Your assignment: How many of the lines below hold "ezdxf"? Only the number, please.

Input records:
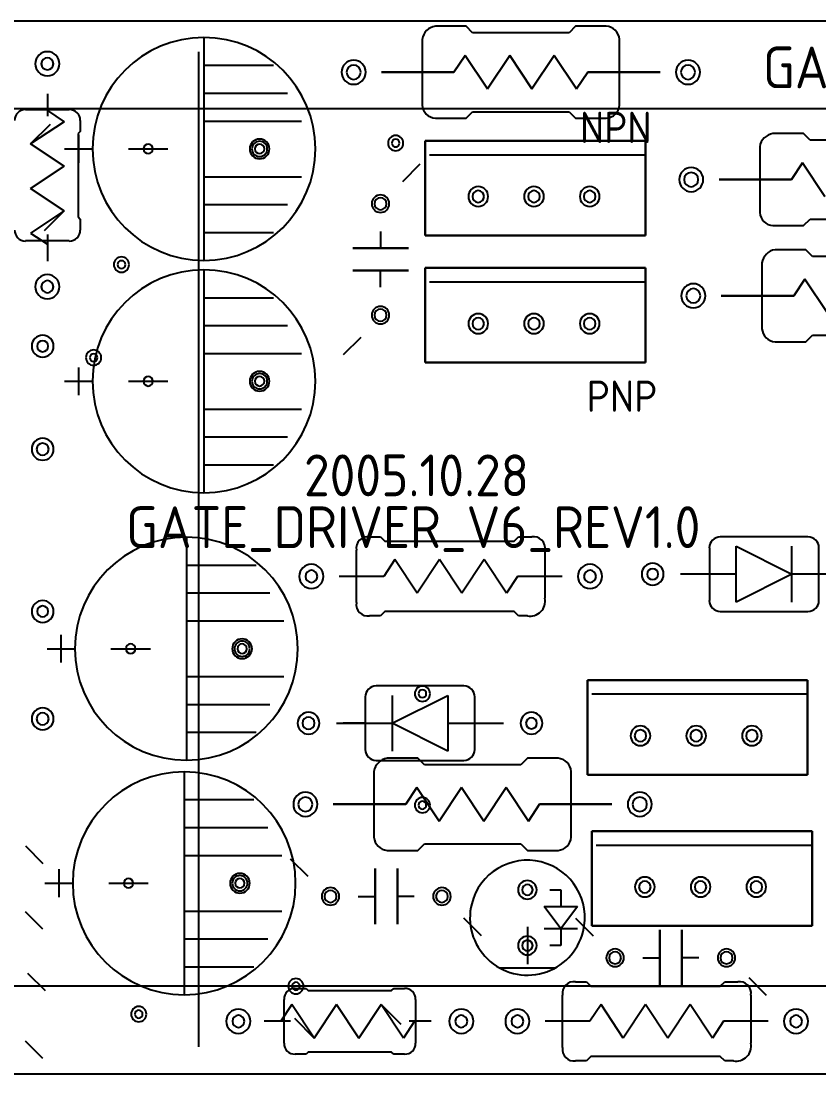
# Model space of a CAD drawing. Header units: millimetres. Extents: x 24815 to 37444, y -10619 to 6020.
# Drawn here: x 34925.17 to 34961.54, y 562.02 to 610.01 of the extents above; entities that cross this region are included whole.
import ezdxf

# ---------------------------------------------------------------- set-up
doc = ezdxf.new("R2010")
doc.units = ezdxf.units.MM
doc.linetypes.add('CENTER', pattern=[50.8, 31.75, -6.35, 6.35, -6.35])
doc.layers.add('CENTER', color=1, linetype='CENTER')
doc.styles.get("Standard").update_dxf_attribs({"font": 'ISOCP.SHX', "bigfont": 'WHGTXT.SHX'})

# ---------------------------------------------------------------- blocks, each defined once
blk = doc.blocks.new('GATE BOARD(S)')
for p, q in [((-11601.051, -15889.348), (-11719.838, -15889.348)), ((-11646.307, -15889.582), (-11647.706, -15889.582)), ((-11646.007, -15889.881), (-11646.307, -15889.582)), ((-11641.312, -15889.582), (-11641.611, -15889.881)), ((-11639.913, -15889.582), (-11641.312, -15889.582)), ((-11658.254, -15890.096), (-11658.254, -15900.256)), ((-11658.254, -15890.096), (-11658.254, -15900.256)), ((-11641.611, -15889.881), (-11646.007, -15889.881)), ((-11648.305, -15890.181), (-11648.305, -15893.178)), ((-11639.314, -15893.178), (-11639.314, -15890.181)), ((-11658.504, -15890.747), (-11658.504, -15936.104)), ((-11646.349, -15890.918), (-11646.857, -15891.68)), ((-11646.857, -15891.68), (-11646.349, -15890.918)), ((-11645.333, -15892.442), (-11646.349, -15890.918)), ((-11646.349, -15890.918), (-11645.333, -15892.442)), ((-11644.317, -15890.918), (-11645.333, -15892.442)), ((-11645.333, -15892.442), (-11644.317, -15890.918)), ((-11643.301, -15892.442), (-11644.317, -15890.918)), ((-11644.317, -15890.918), (-11643.301, -15892.442)), ((-11642.285, -15890.918), (-11643.301, -15892.442)), ((-11643.301, -15892.442), (-11642.285, -15890.918)), ((-11641.269, -15892.442), (-11642.285, -15890.918)), ((-11642.285, -15890.918), (-11641.269, -15892.442)), ((-11658.254, -15891.366), (-11655.079, -15891.366)), ((-11658.254, -15891.366), (-11655.079, -15891.366)), ((-11646.857, -15891.68), (-11650.159, -15891.68)), ((-11650.159, -15891.68), (-11646.857, -15891.68)), ((-11649.604, -15891.68), (-11649.304, -15891.68)), ((-11640.761, -15891.68), (-11641.269, -15892.442)), ((-11641.269, -15892.442), (-11640.761, -15891.68)), ((-11637.459, -15891.68), (-11640.761, -15891.68)), ((-11640.761, -15891.68), (-11637.459, -15891.68)), ((-11638.315, -15891.68), (-11638.015, -15891.68)), ((-11665.389, -15892.665), (-11665.389, -15893.427)), ((-11665.389, -15892.878), (-11665.389, -15893.678)), ((-11658.254, -15892.636), (-11654.444, -15892.636)), ((-11658.254, -15892.636), (-11654.444, -15892.636)), ((-11666.388, -15893.378), (-11664.39, -15893.378)), ((-11665.389, -15893.427), (-11664.627, -15893.935)), ((-11646.307, -15893.778), (-11646.007, -15893.478)), ((-11646.007, -15893.478), (-11641.611, -15893.478)), ((-11641.611, -15893.478), (-11641.312, -15893.778)), ((-11664.627, -15893.935), (-11666.151, -15894.951)), ((-11663.891, -15893.878), (-11663.891, -15894.377)), ((-11658.254, -15893.906), (-11653.809, -15893.906)), ((-11658.254, -15893.906), (-11653.809, -15893.906)), ((-11647.706, -15893.778), (-11646.307, -15893.778)), ((-11641.312, -15893.778), (-11639.913, -15893.778)), ((-11666.151, -15894.951), (-11665.252, -15894.052)), ((-11663.891, -15894.377), (-11663.991, -15894.477)), ((-11663.991, -15894.477), (-11663.991, -15898.273)), ((-11663.969, -15894.541), (-11663.969, -15895.811)), ((-11663.969, -15894.541), (-11663.969, -15895.811)), ((-11648.163, -15899.123), (-11648.163, -15894.805)), ((-11648.163, -15894.805), (-11638.13, -15894.805)), ((-11638.13, -15894.805), (-11648.163, -15894.805)), ((-11648.163, -15894.805), (-11648.163, -15899.123)), ((-11638.13, -15894.805), (-11638.13, -15899.123)), ((-11638.13, -15899.123), (-11638.13, -15894.805)), ((-11630.921, -15894.477), (-11632.32, -15894.477)), ((-11630.622, -15894.777), (-11630.921, -15894.477)), ((-11626.226, -15894.777), (-11630.622, -15894.777)), ((-11666.151, -15894.951), (-11664.627, -15895.967)), ((-11664.627, -15895.967), (-11666.151, -15894.951)), ((-11664.604, -15895.176), (-11663.334, -15895.176)), ((-11664.604, -15895.176), (-11663.334, -15895.176)), ((-11661.695, -15895.176), (-11659.892, -15895.176)), ((-11661.695, -15895.176), (-11659.892, -15895.176)), ((-11632.92, -15895.076), (-11632.92, -15898.074)), ((-11648.405, -15895.876), (-11649.204, -15896.675)), ((-11647.972, -15895.44), (-11638.13, -15895.44)), ((-11647.972, -15895.44), (-11638.13, -15895.44)), ((-11630.964, -15895.813), (-11631.472, -15896.575)), ((-11631.472, -15896.575), (-11630.964, -15895.813)), ((-11629.948, -15897.337), (-11630.964, -15895.813)), ((-11630.964, -15895.813), (-11629.948, -15897.337)), ((-11664.627, -15895.967), (-11666.151, -15896.983)), ((-11666.151, -15896.983), (-11664.627, -15895.967)), ((-11658.254, -15896.446), (-11653.809, -15896.446)), ((-11658.254, -15896.446), (-11653.809, -15896.446)), ((-11631.472, -15896.575), (-11634.774, -15896.575)), ((-11634.774, -15896.575), (-11631.472, -15896.575)), ((-11634.218, -15896.575), (-11633.919, -15896.575)), ((-11666.151, -15896.983), (-11664.627, -15897.999)), ((-11664.627, -15897.999), (-11666.151, -15896.983)), ((-11658.254, -15897.716), (-11654.444, -15897.716)), ((-11658.254, -15897.716), (-11654.444, -15897.716)), ((-11664.627, -15897.999), (-11666.151, -15899.015)), ((-11665.526, -15898.898), (-11664.627, -15897.999)), ((-11663.991, -15898.273), (-11663.891, -15898.373)), ((-11663.891, -15898.373), (-11663.891, -15898.873)), ((-11632.32, -15898.673), (-11630.921, -15898.673)), ((-11630.921, -15898.673), (-11630.622, -15898.373)), ((-11630.622, -15898.373), (-11626.226, -15898.373)), ((-11666.151, -15899.015), (-11665.389, -15899.523)), ((-11665.389, -15899.073), (-11665.389, -15899.872)), ((-11658.254, -15898.986), (-11655.079, -15898.986)), ((-11658.254, -15898.986), (-11655.079, -15898.986)), ((-11650.203, -15898.944), (-11650.203, -15899.706)), ((-11650.203, -15898.944), (-11650.203, -15899.706)), ((-11638.13, -15899.123), (-11648.163, -15899.123)), ((-11648.163, -15899.123), (-11638.13, -15899.123)), ((-11664.39, -15899.372), (-11666.388, -15899.372)), ((-11665.389, -15899.523), (-11665.389, -15900.285)), ((-11651.473, -15899.706), (-11648.933, -15899.706)), ((-11648.933, -15899.706), (-11651.473, -15899.706)), ((-11630.822, -15899.772), (-11632.22, -15899.772)), ((-11630.522, -15900.072), (-11630.822, -15899.772)), ((-11626.126, -15900.072), (-11630.522, -15900.072)), ((-11658.254, -15900.686), (-11658.254, -15910.846)), ((-11658.254, -15900.686), (-11658.254, -15910.846)), ((-11648.163, -15904.918), (-11648.163, -15900.6)), ((-11648.163, -15900.6), (-11638.13, -15900.6)), ((-11638.13, -15900.6), (-11648.163, -15900.6)), ((-11648.163, -15900.6), (-11648.163, -15904.918)), ((-11638.13, -15900.6), (-11638.13, -15904.918)), ((-11638.13, -15904.918), (-11638.13, -15900.6)), ((-11632.82, -15900.371), (-11632.82, -15903.369)), ((-11648.933, -15900.722), (-11651.473, -15900.722)), ((-11651.473, -15900.722), (-11648.933, -15900.722)), ((-11650.203, -15901.484), (-11650.203, -15900.722)), ((-11650.203, -15901.484), (-11650.203, -15900.722)), ((-11630.864, -15901.108), (-11631.372, -15901.87)), ((-11631.372, -15901.87), (-11630.864, -15901.108)), ((-11629.848, -15902.632), (-11630.864, -15901.108)), ((-11630.864, -15901.108), (-11629.848, -15902.632)), ((-11647.972, -15901.235), (-11638.13, -15901.235)), ((-11647.972, -15901.235), (-11638.13, -15901.235)), ((-11658.254, -15901.956), (-11655.079, -15901.956)), ((-11658.254, -15901.956), (-11655.079, -15901.956)), ((-11631.372, -15901.87), (-11634.674, -15901.87)), ((-11634.674, -15901.87), (-11631.372, -15901.87)), ((-11634.118, -15901.87), (-11633.819, -15901.87)), ((-11658.254, -15903.226), (-11654.444, -15903.226)), ((-11658.254, -15903.226), (-11654.444, -15903.226)), ((-11651.103, -15903.768), (-11651.902, -15904.568)), ((-11632.22, -15903.968), (-11630.822, -15903.968)), ((-11630.822, -15903.968), (-11630.522, -15903.668)), ((-11630.522, -15903.668), (-11626.126, -15903.668)), ((-11658.254, -15904.496), (-11653.809, -15904.496)), ((-11658.254, -15904.496), (-11653.809, -15904.496)), ((-11638.13, -15904.918), (-11648.163, -15904.918)), ((-11648.163, -15904.918), (-11638.13, -15904.918)), ((-11663.969, -15905.131), (-11663.969, -15906.401)), ((-11663.969, -15905.131), (-11663.969, -15906.401)), ((-11664.604, -15905.766), (-11663.334, -15905.766)), ((-11664.604, -15905.766), (-11663.334, -15905.766)), ((-11661.695, -15905.766), (-11659.892, -15905.766)), ((-11661.695, -15905.766), (-11659.892, -15905.766)), ((-11658.254, -15907.036), (-11653.809, -15907.036)), ((-11658.254, -15907.036), (-11653.809, -15907.036)), ((-11658.254, -15908.306), (-11654.444, -15908.306)), ((-11658.254, -15908.306), (-11654.444, -15908.306)), ((-11658.254, -15909.576), (-11655.079, -15909.576)), ((-11658.254, -15909.576), (-11655.079, -15909.576)), ((-11659.053, -15912.875), (-11659.053, -15923.035)), ((-11659.053, -15912.875), (-11659.053, -15923.035)), ((-11650.703, -15912.86), (-11650.203, -15912.86)), ((-11650.203, -15912.86), (-11650.004, -15913.06)), ((-11650.004, -15913.06), (-11647.006, -15913.06)), ((-11647.006, -15913.06), (-11644.109, -15913.06)), ((-11644.109, -15913.06), (-11643.909, -15912.86)), ((-11643.909, -15912.86), (-11643.31, -15912.86)), ((-11630.722, -15912.86), (-11634.718, -15912.86)), ((-11651.302, -15915.857), (-11651.302, -15913.459)), ((-11642.71, -15913.459), (-11642.71, -15915.657)), ((-11635.217, -15913.359), (-11635.217, -15915.757)), ((-11633.99, -15915.828), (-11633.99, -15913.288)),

Task result: 3